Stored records
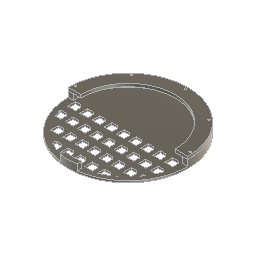
Drip Tray v5 (Autodesk Fusion 360 design; units mm, degrees)
Autodesk Fusion 360 part; units mm, degrees
note: some values were not read from the file. Set by a fixed rule: which sketch regions a step uses.
sketch "Sketch1" plane through (0, 0, 0) normal (0, 0, 1) x (1, 0, 0)
  circle A0 centre (0, 0) radius 56.5
  circle A1 centre (0, 0) radius 61.5
  line L0 (0, 0) -> (0, 131.5) construction
  line L1 (0, 131.5) -> (-54.3597, 28.7624) construction
  line L2 (0, 131.5) -> (54.3597, 28.7624) construction
  line L3 (0, 131.5) -> (89.5717, 41.9283)
  line L4 (0, 131.5) -> (126.6735, 131.5) construction
  line L5 (0, 131.5) -> (-89.2315, 42.2685)
  line L6 (0, 131.5) -> (-126.1924, 131.5) construction
  line L7 (61.5, 109.178) -> (-61.5, 109.178) construction
  line L8 (-61.5, 109.178) -> (-61.5, -109.178)
  line L9 (-61.5, -109.178) -> (61.5, -109.178)
  line L10 (61.5, -109.178) -> (61.5, 109.178)
  line L11 (61.5, 109.178) -> (-61.5, -109.178) construction
  line L12 (-61.5, 109.178) -> (61.5, -109.178) construction
  line L13 (0, 0) -> (0, -61.5) construction
  circle A2 centre (0, -40.75) radius 15.75
  line L14 (4, 0) -> (-4, 0)
  line L15 (-4, 0) -> (-4, -8)
  line L16 (-4, -8) -> (4, -8)
  line L17 (4, -8) -> (4, -2.5)
  line L18 (4, 0) -> (-4, -8) construction
  line L19 (-4, 0) -> (4, -8) construction
  line L20 (4, 0) -> (4, -2.5) construction
  line L21 (4, -2.5) -> (1.5, 0)
  line L22 (-61.5, 0) -> (1.5, 0)
  line L23 (4, 0) -> (61.5, 0)
  line L24 (-46, -2.5) -> (-48.5, 0)
  line L25 (-46, 0) -> (-54, 0)
  line L26 (-54, 0) -> (-54, -8)
  line L27 (-46, -8) -> (-46, -2.5)
  line L28 (-54, -8) -> (-46, -8)
  line L29 (-33.5, -2.5) -> (-36, 0)
  line L30 (-33.5, 0) -> (-41.5, 0)
  line L31 (-41.5, 0) -> (-41.5, -8)
  line L32 (-33.5, -8) -> (-33.5, -2.5)
  line L33 (-41.5, -8) -> (-33.5, -8)
  line L34 (-21, -2.5) -> (-23.5, 0)
  line L35 (-21, 0) -> (-29, 0)
  line L36 (-29, 0) -> (-29, -8)
  line L37 (-21, -8) -> (-21, -2.5)
  line L38 (-29, -8) -> (-21, -8)
  line L39 (-8.5, -2.5) -> (-11, 0)
  line L40 (-8.5, 0) -> (-16.5, 0)
  line L41 (-16.5, 0) -> (-16.5, -8)
  line L42 (-8.5, -8) -> (-8.5, -2.5)
  line L43 (-16.5, -8) -> (-8.5, -8)
  line L44 (16.5, -2.5) -> (14, 0)
  line L45 (16.5, 0) -> (8.5, 0)
  line L46 (8.5, 0) -> (8.5, -8)
  line L47 (16.5, -8) -> (16.5, -2.5)
  line L48 (8.5, -8) -> (16.5, -8)
  line L49 (29, -2.5) -> (26.5, 0)
  line L50 (29, 0) -> (21, 0)
  line L51 (21, 0) -> (21, -8)
  line L52 (29, -8) -> (29, -2.5)
  line L53 (21, -8) -> (29, -8)
  line L54 (41.5, -2.5) -> (39, 0)
  line L55 (41.5, 0) -> (33.5, 0)
  line L56 (33.5, 0) -> (33.5, -8)
  line L57 (41.5, -8) -> (41.5, -2.5)
  line L58 (33.5, -8) -> (41.5, -8)
  line L59 (54, -2.5) -> (51.5, 0)
  line L60 (54, 0) -> (46, 0)
  line L61 (46, 0) -> (46, -8)
  line L62 (54, -8) -> (54, -2.5)
  line L63 (46, -8) -> (54, -8)
  line L64 (-46, -17.5) -> (-48.5, -15)
  line L65 (-46, -15) -> (-54, -15)
  line L66 (-54, -15) -> (-54, -23)
  line L67 (-46, -23) -> (-46, -17.5)
  line L68 (-54, -23) -> (-46, -23)
  line L69 (-33.5, -17.5) -> (-36, -15)
  line L70 (-33.5, -15) -> (-41.5, -15)
  line L71 (-41.5, -15) -> (-41.5, -23)
  line L72 (-33.5, -23) -> (-33.5, -17.5)
  line L73 (-41.5, -23) -> (-33.5, -23)
  line L74 (-21, -17.5) -> (-23.5, -15)
  line L75 (-21, -15) -> (-29, -15)
  line L76 (-29, -15) -> (-29, -23)
  line L77 (-21, -23) -> (-21, -17.5)
  line L78 (-29, -23) -> (-21, -23)
  line L79 (-8.5, -17.5) -> (-11, -15)
  line L80 (-8.5, -15) -> (-16.5, -15)
  line L81 (-16.5, -15) -> (-16.5, -23)
  line L82 (-8.5, -23) -> (-8.5, -17.5)
  line L83 (-16.5, -23) -> (-8.5, -23)
  line L84 (4, -17.5) -> (1.5, -15)
  line L85 (4, -15) -> (-4, -15)
  line L86 (-4, -15) -> (-4, -23)
  line L87 (4, -23) -> (4, -17.5)
  line L88 (-4, -23) -> (4, -23)
  line L89 (16.5, -17.5) -> (14, -15)
  line L90 (16.5, -15) -> (8.5, -15)
  line L91 (8.5, -15) -> (8.5, -23)
  line L92 (16.5, -23) -> (16.5, -17.5)
  line L93 (8.5, -23) -> (16.5, -23)
  line L94 (29, -17.5) -> (26.5, -15)
  line L95 (29, -15) -> (21, -15)
  line L96 (21, -15) -> (21, -23)
  line L97 (29, -23) -> (29, -17.5)
  line L98 (21, -23) -> (29, -23)
  line L99 (41.5, -17.5) -> (39, -15)
  line L100 (41.5, -15) -> (33.5, -15)
  line L101 (33.5, -15) -> (33.5, -23)
  line L102 (41.5, -23) -> (41.5, -17.5)
  line L103 (33.5, -23) -> (41.5, -23)
  line L104 (54, -17.5) -> (51.5, -15)
  line L105 (54, -15) -> (46, -15)
  line L106 (46, -15) -> (46, -23)
  line L107 (54, -23) -> (54, -17.5)
  line L108 (46, -23) -> (54, -23)
  line L109 (-46, -32.5) -> (-48.5, -30)
  line L110 (-46, -30) -> (-54, -30)
  line L111 (-54, -30) -> (-54, -38)
  line L112 (-46, -38) -> (-46, -32.5)
  line L113 (-54, -38) -> (-46, -38)
  line L114 (-33.5, -32.5) -> (-36, -30)
  line L115 (-33.5, -30) -> (-41.5, -30)
  line L116 (-41.5, -30) -> (-41.5, -38)
  line L117 (-33.5, -38) -> (-33.5, -32.5)
  line L118 (-41.5, -38) -> (-33.5, -38)
  line L119 (-21, -32.5) -> (-23.5, -30)
  line L120 (-21, -30) -> (-29, -30)
  line L121 (-29, -30) -> (-29, -38)
  line L122 (-21, -38) -> (-21, -32.5)
  line L123 (-29, -38) -> (-21, -38)
  line L124 (-8.5, -32.5) -> (-11, -30)
  line L125 (-8.5, -30) -> (-16.5, -30)
  line L126 (-16.5, -30) -> (-16.5, -38)
  line L127 (-8.5, -38) -> (-8.5, -32.5)
  line L128 (-16.5, -38) -> (-8.5, -38)
  line L129 (4, -32.5) -> (1.5, -30)
  line L130 (4, -30) -> (-4, -30)
  line L131 (-4, -30) -> (-4, -38)
  line L132 (4, -38) -> (4, -32.5)
  line L133 (-4, -38) -> (4, -38)
  line L134 (16.5, -32.5) -> (14, -30)
  line L135 (16.5, -30) -> (8.5, -30)
  line L136 (8.5, -30) -> (8.5, -38)
  line L137 (16.5, -38) -> (16.5, -32.5)
  line L138 (8.5, -38) -> (16.5, -38)
  line L139 (29, -32.5) -> (26.5, -30)
  line L140 (29, -30) -> (21, -30)
  line L141 (21, -30) -> (21, -38)
  line L142 (29, -38) -> (29, -32.5)
  line L143 (21, -38) -> (29, -38)
  line L144 (41.5, -32.5) -> (39, -30)
  line L145 (41.5, -30) -> (33.5, -30)
  line L146 (33.5, -30) -> (33.5, -38)
  line L147 (41.5, -38) -> (41.5, -32.5)
  line L148 (33.5, -38) -> (41.5, -38)
  line L149 (54, -32.5) -> (51.5, -30)
  line L150 (54, -30) -> (46, -30)
  line L151 (46, -30) -> (46, -38)
  line L152 (54, -38) -> (54, -32.5)
  line L153 (46, -38) -> (54, -38)
  line L154 (-46, -47.5) -> (-48.5, -45)
  line L155 (-46, -45) -> (-54, -45)
  line L156 (-54, -45) -> (-54, -53)
  line L157 (-46, -53) -> (-46, -47.5)
  line L158 (-54, -53) -> (-46, -53)
  line L159 (-33.5, -47.5) -> (-36, -45)
  line L160 (-33.5, -45) -> (-41.5, -45)
  line L161 (-41.5, -45) -> (-41.5, -53)
  line L162 (-33.5, -53) -> (-33.5, -47.5)
  line L163 (-41.5, -53) -> (-33.5, -53)
  line L164 (-21, -47.5) -> (-23.5, -45)
  line L165 (-21, -45) -> (-29, -45)
  line L166 (-29, -45) -> (-29, -53)
  line L167 (-21, -53) -> (-21, -47.5)
  line L168 (-29, -53) -> (-21, -53)
  line L169 (-8.5, -47.5) -> (-11, -45)
  line L170 (-8.5, -45) -> (-16.5, -45)
  line L171 (-16.5, -45) -> (-16.5, -53)
  line L172 (-8.5, -53) -> (-8.5, -47.5)
  line L173 (-16.5, -53) -> (-8.5, -53)
  line L174 (4, -47.5) -> (1.5, -45)
  line L175 (4, -45) -> (-4, -45)
  line L176 (-4, -45) -> (-4, -53)
  line L177 (4, -53) -> (4, -47.5)
  line L178 (-4, -53) -> (4, -53)
  line L179 (16.5, -47.5) -> (14, -45)
  line L180 (16.5, -45) -> (8.5, -45)
  line L181 (8.5, -45) -> (8.5, -53)
  line L182 (16.5, -53) -> (16.5, -47.5)
  line L183 (8.5, -53) -> (16.5, -53)
  line L184 (29, -47.5) -> (26.5, -45)
  line L185 (29, -45) -> (21, -45)
  line L186 (21, -45) -> (21, -53)
  line L187 (29, -53) -> (29, -47.5)
  line L188 (21, -53) -> (29, -53)
  line L189 (41.5, -47.5) -> (39, -45)
  line L190 (41.5, -45) -> (33.5, -45)
  line L191 (33.5, -45) -> (33.5, -53)
  line L192 (41.5, -53) -> (41.5, -47.5)
  line L193 (33.5, -53) -> (41.5, -53)
  line L194 (54, -47.5) -> (51.5, -45)
  line L195 (54, -45) -> (46, -45)
  line L196 (46, -45) -> (46, -53)
  line L197 (54, -53) -> (54, -47.5)
  line L198 (46, -53) -> (54, -53)
  line L199 (-8.5, -60.9098) -> (-8.5, -55.857)
  line L200 (8.5, -60.9098) -> (8.5, -55.857)
  point P0 (0, -4)
  dimension "d1" = 113
  dimension "d2" = 5
  dimension "d7" = 131.5
  dimension "d8" = 45
  dimension "d9" = 45
  dimension "d10" = 123
  dimension "d16" = 8
  dimension "d17" = 8
  dimension "d18" = 2.5
  dimension "d21" = 50
  dimension "d22" = -45
  constraint coincident A0.centre A1.centre
  constraint vertical L0
  constraint coincident A1 L1.end
  constraint tangent A1 L1
  constraint coincident A1 L2.end
  constraint tangent A1 L2
  constraint horizontal L4
  constraint horizontal L6
  constraint horizontal L7
  constraint perpendicular L7 L8
  constraint parallel L7 L9
  constraint parallel L8 L10
  constraint coincident L11 A0.centre
  constraint coincident L12 A0.centre
  constraint midpoint L8 L22.start
  constraint midpoint L10 L23.end
  constraint coincident A1 L13.end
  constraint parallel L0 L13
  constraint horizontal L14
  constraint perpendicular L14 L15
  constraint parallel L14 L16
  constraint parallel L15 L17
  constraint coincident L14.start L22
  constraint coincident L18 P0
  constraint coincident L19 P0
  constraint coincident L13 P0
  constraint collinear L22 L23
  constraint coincident A1 L199.start
  constraint coincident A0 L199.end
  constraint parallel L172 L199
  constraint coincident A1 L200.start
  constraint coincident A0 L200.end
  constraint vertical L200
  measures "d1" diameter of A0
  measures "d7" distance of A0.centre L0.end
  measures "d8" angle of L3 L4
  measures "d9" angle of L5 L6
  measures "d10" distance of L8.end L9.end
  measures "d16" distance of L15.end L16.end
  measures "d17" distance of L14.end L15.end
  measures "d18" vertical distance of L17.end L21.end
extrude "Extrude1" add sketch "Sketch1" against normal blind 2 contours A0 L14 L22 L23 L25 L30 L35 L40 L45 L50 L55 L60 | A0 A1 L23 L104 L107 L108 L150 | A2 L124 L125 L127 L128 L135 L136 L138 L169 L170 L172 L173 L180 L181 L183 | A0 L14 L15 L16 L17 L21 L22 L23 L24 L25 L26 L27 L28 L29 L30 L31 L32 L33 L34 L35 L36 L37 L38 L39 L40 L41 L42 L43 L44 L45 L46 L47 L48 L49 L50 L51 L52 L53 L54 L55 L56 L57 L58 L59 L60 L61 L62 L63 L64 L65 L66 L67 L68 L104 L105 L106 L108 L109 L112 L150 L151 L164 L165 L166 L167 L184 L185 L186 L187 L190 L191 | A0 A1 L22 L23 | A0 A1 L22 L66 L68 L110 | A0 L104 L107 L108 | A0 L66 L68 | A1 L149 L150 | A0 A1 L109 L110 L112 L113 | A0 A1 L149 L150 L151 L153 | A0 L109 L110 | A0 A1 L112 L113 L160 L161 | A0 A1 L151 L153 L189 L190 | A0 L109 L112 | A1 L159 L160 L161 L162 | A0 A1 L189 L190 L191 | A0 A1 L159 L160 L162 L166 L167 L168 L199 | A0 A1 L186 L187 L188 L191 L200 | A0 A1 L199 L200 | A0 L186 L187 L188 | A0 L166 L167 L168 makes body 1
extrude "Extrude2" add sketch "Sketch1" along normal blind 6 contours A0 A1 L22 L23 | A0 A1 L199 L200 bodies 1
sketch "Sketch2" plane through (0, 0, 6) normal (0, 0, 1) x (-1, 0, 0)
  arc A0 (-61.5, 0) -> (61.5, 0) centre (0, 0) ccw
  line L0 (-56.5, 0) -> (-61.5, 0)
  arc A1 (-56.5, 0) -> (56.5, 0) centre (0, 0) ccw
  line L1 (-69.038, -8) -> (-47.8357, -8)
  arc A2 (47.8357, -8) -> (-47.8357, -8) centre (0, 0) ccw
  line L2 (47.8357, -8) -> (69.038, -8)
  arc A3 (69.038, -8) -> (-69.038, -8) centre (0, 0) ccw
  line L3 (61.5, 0) -> (-1.5, 0)
  line L4 (-61.5, 0) -> (-80, 0)
  line L5 (-80, 0) -> (-56.5, 0)
  line L6 (-56.5, 0) -> (69.5, 0)
  arc A4 (-69.5, 0) -> (69.038, 8) centre (0, 0) ccw
  line L7 (69.038, 8) -> (47.8357, 8)
  arc A5 (-48.5, 0) -> (47.8357, 8) centre (0, 0) ccw
  line L8 (61.5, 0) -> (56.5, 0)
  constraint parallel L0 L1
  constraint concentric A1 A2
  constraint concentric A0 A3
  constraint coincident A0.start L0.end
  constraint parallel L0 L4
  constraint coincident L0.start A1.start
  constraint parallel L0 L5
  constraint coincident A3 L6.end
  constraint parallel L4 L6
  constraint concentric A0 A4
  constraint concentric A1 A5
extrude "Extrude3" add sketch "Sketch2" along normal blind 3 separate body contours A0 L0 A1 L1 L5 | A0 A1 L1 L2 | A1 L1 A2 L6 A5 | A0 A1 L2 L3 L6 L8 | A1 L1 L2 A5 | A1 A2 L2 L3 L6 A5 makes body 2
sketch "Sketch3" plane through (0, 0, 6) normal (0, 0, 1) x (-1, 0, 0)
  line L0 (-56.5, 0) -> (-61.5, 0)
  arc A0 (-61.5, 0) -> (61.5, 0) centre (0, 0) ccw
  line L1 (61.5, 0) -> (56.5, 0)
  arc A1 (-56.5, 0) -> (56.5, 0) centre (0, 0) ccw
  line L2 (0, -61.5) -> (0, -56.5) construction
  circle A2 centre (0, -59) radius 1
  circle A3 centre (-58.7755, -5.1422) radius 1
  circle A4 centre (-39.8598, -43.4994) radius 1
  circle A5 centre (39.8598, -43.4994) radius 1
  circle A6 centre (58.7755, -5.1422) radius 1
  dimension "d24" = 2
  dimension "d26" = 170
  constraint midpoint A0 L2.start
  constraint midpoint A1 L2.end
  constraint midpoint L2 A2.centre
  measures "d24" diameter of A2
extrude "Extrude4" cut sketch "Sketch3" along normal up to surface (3 mm away) and the other way up to surface (7 mm away) contours A2 | A3 | A4 | A5 | A6 bodies 1 2
equation "d7 = 61.500 mm + 70 mm"
named bodies: "drip-tray-base", "drip-tray-top"

*Task to complete*. Once the line containing "circle A1 centre (0, 0) radius 61.5" has been located, transcribe exactly and only every line from the first line of the entries through it, excluding pictures.

*Exercise output*.
Drip Tray v5 (Autodesk Fusion 360 design; units mm, degrees)
Autodesk Fusion 360 part; units mm, degrees
note: some values were not read from the file. Set by a fixed rule: which sketch regions a step uses.
sketch "Sketch1" plane through (0, 0, 0) normal (0, 0, 1) x (1, 0, 0)
  circle A0 centre (0, 0) radius 56.5
  circle A1 centre (0, 0) radius 61.5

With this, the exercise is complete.